A story like the following will never garner positive publicity points for an insurance company. In fact, it will assuredly yield an immediately sharp public response, even without regard for underlying details.
A recent Consumer Reports article highlights the tale of a young girl who was injured while on a skiing vacation. Local hospital authorities made the decision to airlift her to another facility for treatment. The bill for that service was $65,000.
The family’s insurer balked at paying that stunning amount, stating that the air ambulance company was an out-of-network provider and that permission to use its services wasn’t preauthorized. The hospital countered that preauthorization was not required, given the extensive nature of the girl’s injuries.
As noted above, it’s not hard to gauge where public sentiment will reside in such a story. Insurers are frequently painted with a broad brush of condemnation in narratives featuring their questioning of medical charges.
Such questioning often targets truly unexpected medical charges, though, as well as legitimate inquiries into highly ratcheted-up costs charged by some non-network providers.
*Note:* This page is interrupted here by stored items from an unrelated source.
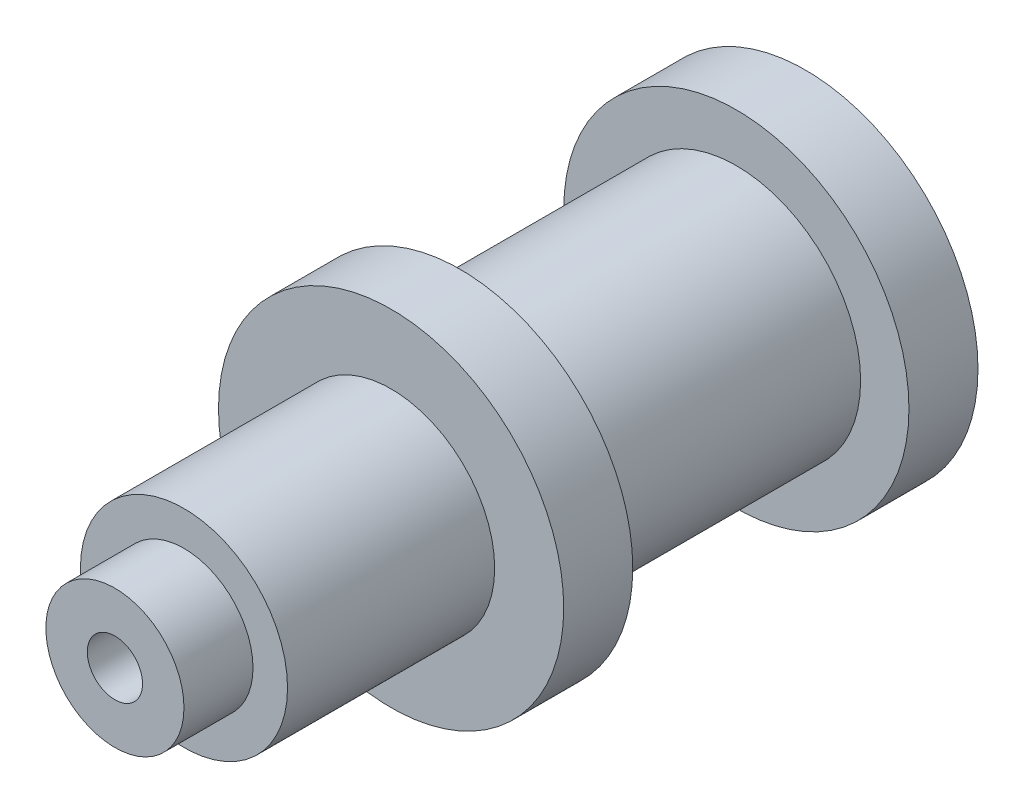
ISO-10303-21;
HEADER;
FILE_DESCRIPTION(('STEP AP214'),'2;1');
FILE_NAME('part.step','',(''),(''),'','','');
FILE_SCHEMA(('AUTOMOTIVE_DESIGN { 1 0 10303 214 1 1 1 1 }'));
ENDSEC;
DATA;
#1=APPLICATION_CONTEXT('core data for automotive mechanical design processes');
#2=APPLICATION_PROTOCOL_DEFINITION('international standard','automotive_design',2000,#1);
#3=PRODUCT_CONTEXT('',#1,'mechanical');
#4=PRODUCT('Part','Part','',(#3));
#5=PRODUCT_RELATED_PRODUCT_CATEGORY('part','',(#4));
#6=PRODUCT_DEFINITION_FORMATION('','',#4);
#7=PRODUCT_DEFINITION_CONTEXT('part definition',#1,'design');
#8=PRODUCT_DEFINITION('design','',#6,#7);
#9=PRODUCT_DEFINITION_SHAPE('','',#8);
#10=(LENGTH_UNIT() NAMED_UNIT(*) SI_UNIT(.MILLI.,.METRE.));
#11=(NAMED_UNIT(*) PLANE_ANGLE_UNIT() SI_UNIT($,.RADIAN.));
#12=(NAMED_UNIT(*) SI_UNIT($,.STERADIAN.) SOLID_ANGLE_UNIT());
#13=UNCERTAINTY_MEASURE_WITH_UNIT(LENGTH_MEASURE(1.E-05),#10,'distance_accuracy_value','');
#14=(GEOMETRIC_REPRESENTATION_CONTEXT(3) GLOBAL_UNCERTAINTY_ASSIGNED_CONTEXT((#13)) GLOBAL_UNIT_ASSIGNED_CONTEXT((#10,
#11,#12)) REPRESENTATION_CONTEXT('',''));
#15=CARTESIAN_POINT('',(0.,0.,0.));
#16=DIRECTION('',(0.,0.,1.));
#17=DIRECTION('',(1.,0.,0.));
#18=AXIS2_PLACEMENT_3D('',#15,#16,#17);
#19=CARTESIAN_POINT('',(0.,0.,60.));
#20=DIRECTION('',(0.,0.,1.));
#21=DIRECTION('',(1.,0.,0.));
#22=AXIS2_PLACEMENT_3D('',#19,#20,#21);
#23=PLANE('',#22);
#24=CARTESIAN_POINT('',(0.,0.,60.));
#25=DIRECTION('',(0.,0.,1.));
#26=DIRECTION('',(1.,0.,0.));
#27=AXIS2_PLACEMENT_3D('',#24,#25,#26);
#28=CIRCLE('',#27,15.);
#29=CARTESIAN_POINT('',(15.,0.,60.));
#30=VERTEX_POINT('',#29);
#31=EDGE_CURVE('E25',#30,#30,#28,.T.);
#32=ORIENTED_EDGE('',*,*,#31,.F.);
#33=EDGE_LOOP('',(#32));
#34=FACE_BOUND('',#33,.T.);
#35=CARTESIAN_POINT('',(0.,0.,60.));
#36=DIRECTION('',(0.,0.,1.));
#37=DIRECTION('',(1.,0.,0.));
#38=AXIS2_PLACEMENT_3D('',#35,#36,#37);
#39=CIRCLE('',#38,25.);
#40=CARTESIAN_POINT('',(25.,0.,60.));
#41=VERTEX_POINT('',#40);
#42=EDGE_CURVE('E45',#41,#41,#39,.T.);
#43=ORIENTED_EDGE('',*,*,#42,.T.);
#44=EDGE_LOOP('',(#43));
#45=FACE_BOUND('',#44,.T.);
#46=ADVANCED_FACE('F16',(#34,#45),#23,.T.);
#47=CARTESIAN_POINT('',(0.,0.,60.));
#48=DIRECTION('',(0.,0.,1.));
#49=DIRECTION('',(1.,0.,0.));
#50=AXIS2_PLACEMENT_3D('',#47,#48,#49);
#51=CYLINDRICAL_SURFACE('',#50,15.);
#52=ORIENTED_EDGE('',*,*,#31,.T.);
#53=DIRECTION('',(0.,0.,1.));
#54=VECTOR('',#53,1.);
#55=CARTESIAN_POINT('',(15.,0.,60.));
#56=LINE('',#55,#54);
#57=CARTESIAN_POINT('',(15.,0.,90.));
#58=VERTEX_POINT('',#57);
#59=EDGE_CURVE('E10',#30,#58,#56,.T.);
#60=ORIENTED_EDGE('',*,*,#59,.T.);
#61=CARTESIAN_POINT('',(0.,0.,90.));
#62=DIRECTION('',(0.,0.,1.));
#63=DIRECTION('',(1.,0.,0.));
#64=AXIS2_PLACEMENT_3D('',#61,#62,#63);
#65=CIRCLE('',#64,15.);
#66=EDGE_CURVE('E256',#58,#58,#65,.T.);
#67=ORIENTED_EDGE('',*,*,#66,.F.);
#68=ORIENTED_EDGE('',*,*,#59,.F.);
#69=EDGE_LOOP('',(#52,#60,#67,#68));
#70=FACE_BOUND('',#69,.T.);
#71=ADVANCED_FACE('F18',(#70),#51,.T.);
#72=CARTESIAN_POINT('',(0.,0.,50.));
#73=DIRECTION('',(0.,0.,1.));
#74=DIRECTION('',(1.,0.,0.));
#75=AXIS2_PLACEMENT_3D('',#72,#73,#74);
#76=CYLINDRICAL_SURFACE('',#75,25.);
#77=CARTESIAN_POINT('',(0.,0.,50.));
#78=DIRECTION('',(0.,0.,1.));
#79=DIRECTION('',(1.,0.,0.));
#80=AXIS2_PLACEMENT_3D('',#77,#78,#79);
#81=CIRCLE('',#80,25.);
#82=CARTESIAN_POINT('',(25.,0.,50.));
#83=VERTEX_POINT('',#82);
#84=EDGE_CURVE('E253',#83,#83,#81,.T.);
#85=ORIENTED_EDGE('',*,*,#84,.T.);
#86=DIRECTION('',(0.,0.,1.));
#87=VECTOR('',#86,1.);
#88=CARTESIAN_POINT('',(25.,0.,50.));
#89=LINE('',#88,#87);
#90=EDGE_CURVE('E92',#83,#41,#89,.T.);
#91=ORIENTED_EDGE('',*,*,#90,.T.);
#92=ORIENTED_EDGE('',*,*,#42,.F.);
#93=ORIENTED_EDGE('',*,*,#90,.F.);
#94=EDGE_LOOP('',(#85,#91,#92,#93));
#95=FACE_BOUND('',#94,.T.);
#96=ADVANCED_FACE('F271',(#95),#76,.T.);
#97=CARTESIAN_POINT('',(0.,0.,90.));
#98=DIRECTION('',(0.,0.,1.));
#99=DIRECTION('',(1.,0.,0.));
#100=AXIS2_PLACEMENT_3D('',#97,#98,#99);
#101=PLANE('',#100);
#102=CARTESIAN_POINT('',(0.,0.,90.));
#103=DIRECTION('',(0.,0.,1.));
#104=DIRECTION('',(1.,0.,0.));
#105=AXIS2_PLACEMENT_3D('',#102,#103,#104);
#106=CIRCLE('',#105,10.);
#107=CARTESIAN_POINT('',(10.,0.,90.));
#108=VERTEX_POINT('',#107);
#109=EDGE_CURVE('E246',#108,#108,#106,.T.);
#110=ORIENTED_EDGE('',*,*,#109,.F.);
#111=EDGE_LOOP('',(#110));
#112=FACE_BOUND('',#111,.T.);
#113=ORIENTED_EDGE('',*,*,#66,.T.);
#114=EDGE_LOOP('',(#113));
#115=FACE_BOUND('',#114,.T.);
#116=ADVANCED_FACE('F276',(#112,#115),#101,.T.);
#117=CARTESIAN_POINT('',(0.,0.,50.));
#118=DIRECTION('',(0.,0.,1.));
#119=DIRECTION('',(1.,0.,0.));
#120=AXIS2_PLACEMENT_3D('',#117,#118,#119);
#121=PLANE('',#120);
#122=ORIENTED_EDGE('',*,*,#84,.F.);
#123=EDGE_LOOP('',(#122));
#124=FACE_BOUND('',#123,.T.);
#125=CARTESIAN_POINT('',(0.,0.,50.));
#126=DIRECTION('',(0.,0.,1.));
#127=DIRECTION('',(1.,0.,0.));
#128=AXIS2_PLACEMENT_3D('',#125,#126,#127);
#129=CIRCLE('',#128,18.);
#130=CARTESIAN_POINT('',(18.,0.,50.));
#131=VERTEX_POINT('',#130);
#132=EDGE_CURVE('E240',#131,#131,#129,.T.);
#133=ORIENTED_EDGE('',*,*,#132,.T.);
#134=EDGE_LOOP('',(#133));
#135=FACE_BOUND('',#134,.T.);
#136=ADVANCED_FACE('F279',(#124,#135),#121,.F.);
#137=CARTESIAN_POINT('',(0.,0.,90.));
#138=DIRECTION('',(0.,0.,1.));
#139=DIRECTION('',(1.,0.,0.));
#140=AXIS2_PLACEMENT_3D('',#137,#138,#139);
#141=CYLINDRICAL_SURFACE('',#140,10.);
#142=ORIENTED_EDGE('',*,*,#109,.T.);
#143=DIRECTION('',(0.,0.,1.));
#144=VECTOR('',#143,1.);
#145=CARTESIAN_POINT('',(10.,0.,90.));
#146=LINE('',#145,#144);
#147=CARTESIAN_POINT('',(10.,0.,100.));
#148=VERTEX_POINT('',#147);
#149=EDGE_CURVE('E82',#108,#148,#146,.T.);
#150=ORIENTED_EDGE('',*,*,#149,.T.);
#151=CARTESIAN_POINT('',(0.,0.,100.));
#152=DIRECTION('',(0.,0.,1.));
#153=DIRECTION('',(1.,0.,0.));
#154=AXIS2_PLACEMENT_3D('',#151,#152,#153);
#155=CIRCLE('',#154,10.);
#156=EDGE_CURVE('E232',#148,#148,#155,.T.);
#157=ORIENTED_EDGE('',*,*,#156,.F.);
#158=ORIENTED_EDGE('',*,*,#149,.F.);
#159=EDGE_LOOP('',(#142,#150,#157,#158));
#160=FACE_BOUND('',#159,.T.);
#161=ADVANCED_FACE('F274',(#160),#141,.T.);
#162=CARTESIAN_POINT('',(0.,0.,10.));
#163=DIRECTION('',(0.,0.,1.));
#164=DIRECTION('',(1.,0.,0.));
#165=AXIS2_PLACEMENT_3D('',#162,#163,#164);
#166=CYLINDRICAL_SURFACE('',#165,18.);
#167=CARTESIAN_POINT('',(0.,0.,10.));
#168=DIRECTION('',(0.,0.,1.));
#169=DIRECTION('',(1.,0.,0.));
#170=AXIS2_PLACEMENT_3D('',#167,#168,#169);
#171=CIRCLE('',#170,18.);
#172=CARTESIAN_POINT('',(18.,0.,10.));
#173=VERTEX_POINT('',#172);
#174=EDGE_CURVE('E134',#173,#173,#171,.T.);
#175=ORIENTED_EDGE('',*,*,#174,.T.);
#176=DIRECTION('',(0.,0.,1.));
#177=VECTOR('',#176,1.);
#178=CARTESIAN_POINT('',(18.,0.,10.));
#179=LINE('',#178,#177);
#180=EDGE_CURVE('E233',#173,#131,#179,.T.);
#181=ORIENTED_EDGE('',*,*,#180,.T.);
#182=ORIENTED_EDGE('',*,*,#132,.F.);
#183=ORIENTED_EDGE('',*,*,#180,.F.);
#184=EDGE_LOOP('',(#175,#181,#182,#183));
#185=FACE_BOUND('',#184,.T.);
#186=ADVANCED_FACE('F290',(#185),#166,.T.);
#187=CARTESIAN_POINT('',(0.,0.,100.));
#188=DIRECTION('',(0.,0.,1.));
#189=DIRECTION('',(1.,0.,0.));
#190=AXIS2_PLACEMENT_3D('',#187,#188,#189);
#191=PLANE('',#190);
#192=CARTESIAN_POINT('',(0.,0.,100.));
#193=DIRECTION('',(0.,0.,-1.));
#194=DIRECTION('',(1.,0.,0.));
#195=AXIS2_PLACEMENT_3D('',#192,#193,#194);
#196=CIRCLE('',#195,4.);
#197=CARTESIAN_POINT('',(4.,0.,100.));
#198=VERTEX_POINT('',#197);
#199=EDGE_CURVE('E152',#198,#198,#196,.T.);
#200=ORIENTED_EDGE('',*,*,#199,.T.);
#201=EDGE_LOOP('',(#200));
#202=FACE_BOUND('',#201,.T.);
#203=ORIENTED_EDGE('',*,*,#156,.T.);
#204=EDGE_LOOP('',(#203));
#205=FACE_BOUND('',#204,.T.);
#206=ADVANCED_FACE('F329',(#202,#205),#191,.T.);
#207=CARTESIAN_POINT('',(1.299,0.,0.375));
#208=CARTESIAN_POINT('',(2.892931773095,0.411152599877,0.3957306991));
#209=CARTESIAN_POINT('',(4.339051681888,1.932754386365,0.448105189563));
#210=CARTESIAN_POINT('',(4.998874652403,4.507757380223,0.531340942699));
#211=CARTESIAN_POINT('',(4.212212200387,7.692851955475,0.647635530179));
#212=CARTESIAN_POINT('',(1.681336378804,10.654971548693,0.79246728603));
#213=CARTESIAN_POINT('',(-2.475743037412,12.40267789219,0.972785491627));
#214=CARTESIAN_POINT('',(-7.416902117072,12.159300956611,1.180541544115));
#215=CARTESIAN_POINT('',(-12.1293018314,9.721468491896,1.422398424597));
#216=CARTESIAN_POINT('',(-15.60111036593,5.436976685875,1.694225449425));
#217=CARTESIAN_POINT('',(-18.7869980561,-5.341230633489,2.300922790337));
#218=CARTESIAN_POINT('',(-18.49621449088,-11.83572343247,2.635088989959));
#219=CARTESIAN_POINT('',(-15.68307156637,-18.69218789534,3.00129012374));
#220=CARTESIAN_POINT('',(-10.00475141449,-24.7896862544,3.397099713738));
#221=CARTESIAN_POINT('',(-1.782733150204,-28.77049148836,3.823895023192));
#222=CARTESIAN_POINT('',(8.041762442298,-29.47028661474,4.283781743196));
#223=CARTESIAN_POINT('',(17.813642650211,-26.31501145167,4.769354402122));
#224=CARTESIAN_POINT('',(25.929757724233,-19.64853201211,5.290138851515));
#225=CARTESIAN_POINT('',(31.09122090286,-10.48873805591,5.837697179465));
#226=CARTESIAN_POINT('',(32.682257866012,-0.249232711201,6.416501843755));
#227=CARTESIAN_POINT('',(-1.299,0.,0.375));
#228=CARTESIAN_POINT('',(0.29493177309,-0.402476515756,0.349526654312));
#229=CARTESIAN_POINT('',(2.025085191258,0.305339224308,0.355822128066));
#230=CARTESIAN_POINT('',(3.253063542986,2.179032461829,0.392723195656));
#231=CARTESIAN_POINT('',(3.267861402046,4.885378102018,0.463074993671));
#232=CARTESIAN_POINT('',(1.671150460134,7.679724856956,0.56182316367));
#233=CARTESIAN_POINT('',(-1.554445644197,9.598304554313,0.6959968613));
#234=CARTESIAN_POINT('',(-5.700090057267,9.833240780175,0.858115058896));
#235=CARTESIAN_POINT('',(-9.851382343361,8.091666229255,1.054052284863));
#236=CARTESIAN_POINT('',(-13.04389531889,4.610982070437,1.280326793184));
#237=CARTESIAN_POINT('',(-16.23032704606,-4.565654436154,1.796103111966));
#238=CARTESIAN_POINT('',(-16.21935636797,-10.26222932034,2.085040983632));
#239=CARTESIAN_POINT('',(-13.9633831341,-16.43420765637,2.405969576249));
#240=CARTESIAN_POINT('',(-9.06732058999,-22.06801820513,2.757118603172));
#241=CARTESIAN_POINT('',(-1.752347185475,-25.88929128016,3.139052836625));
#242=CARTESIAN_POINT('',(7.172514142269,-26.75746897833,3.554493181527));
#243=CARTESIAN_POINT('',(16.180145989125,-24.06533286364,3.996044952312));
#244=CARTESIAN_POINT('',(23.759869637071,-18.06775434624,4.472769986635));
#245=CARTESIAN_POINT('',(28.655602896442,-9.676510676631,4.976825060867));
#246=CARTESIAN_POINT('',(30.247178383028,-0.199612630426,5.512328321065));
#247=(BOUNDED_SURFACE() B_SPLINE_SURFACE(1,10,((#207,#208,#209,#210,#211,#212,#213,#214,#215,
#216,#217,#218,#219,#220,#221,#222,#223,#224,#225,#226),(#227,#228,#229,#230,#231,#232,#233,
#234,#235,#236,#237,#238,#239,#240,#241,#242,#243,#244,#245,#246)),.UNSPECIFIED.,.F.,.F.,
.F.) B_SPLINE_SURFACE_WITH_KNOTS((2,2),(11,9,11),(0.,2.598),(0.,0.5,1.),
.UNSPECIFIED.) GEOMETRIC_REPRESENTATION_ITEM() RATIONAL_B_SPLINE_SURFACE(((1.,1.,1.,1.,1.,1.,1.,
1.,1.,1.,1.,1.,1.,1.,1.,1.,1.,1.,1.,1.),(1.,1.,1.,1.,1.,1.,1.,1.,1.,1.,1.,1.,1.,1.,1.,1.,1.,1.,
1.,1.))) REPRESENTATION_ITEM('') SURFACE());
#248=CARTESIAN_POINT('',(1.299,0.,0.375));
#249=CARTESIAN_POINT('',(2.892931773095,0.411152599877,0.3957306991));
#250=CARTESIAN_POINT('',(4.339051681888,1.932754386365,0.448105189563));
#251=CARTESIAN_POINT('',(4.998874652403,4.507757380223,0.531340942699));
#252=CARTESIAN_POINT('',(4.212212200387,7.692851955475,0.647635530179));
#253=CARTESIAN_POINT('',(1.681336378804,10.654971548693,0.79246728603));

And it is not often that an insurance company becomes embroiled in a story where a failure to pay is linked with a clearly objectifiable emergency. The above article notes, for example, that insurers’ objections are far more often directed to instances of care that is delivered in an arguably non-emergency situation.
Insurance companies logically seek cost controls concerning coverage, just as their policyholders do. Indeed, insurers and insureds have a shared – not a contrastive – interest in striving to keep medical bills logically tied to services rendered. Rules and processes concerning preauthorization, standards for emergency care and network designations all speak directly to the need for mutually beneficial cost containment.
Reportedly, the topic of surprise medical bills is currently a top-tier agenda item for Capitol Hill legislators. Insurers welcome the focus and look forward to lawmaking guidance on the subject matter.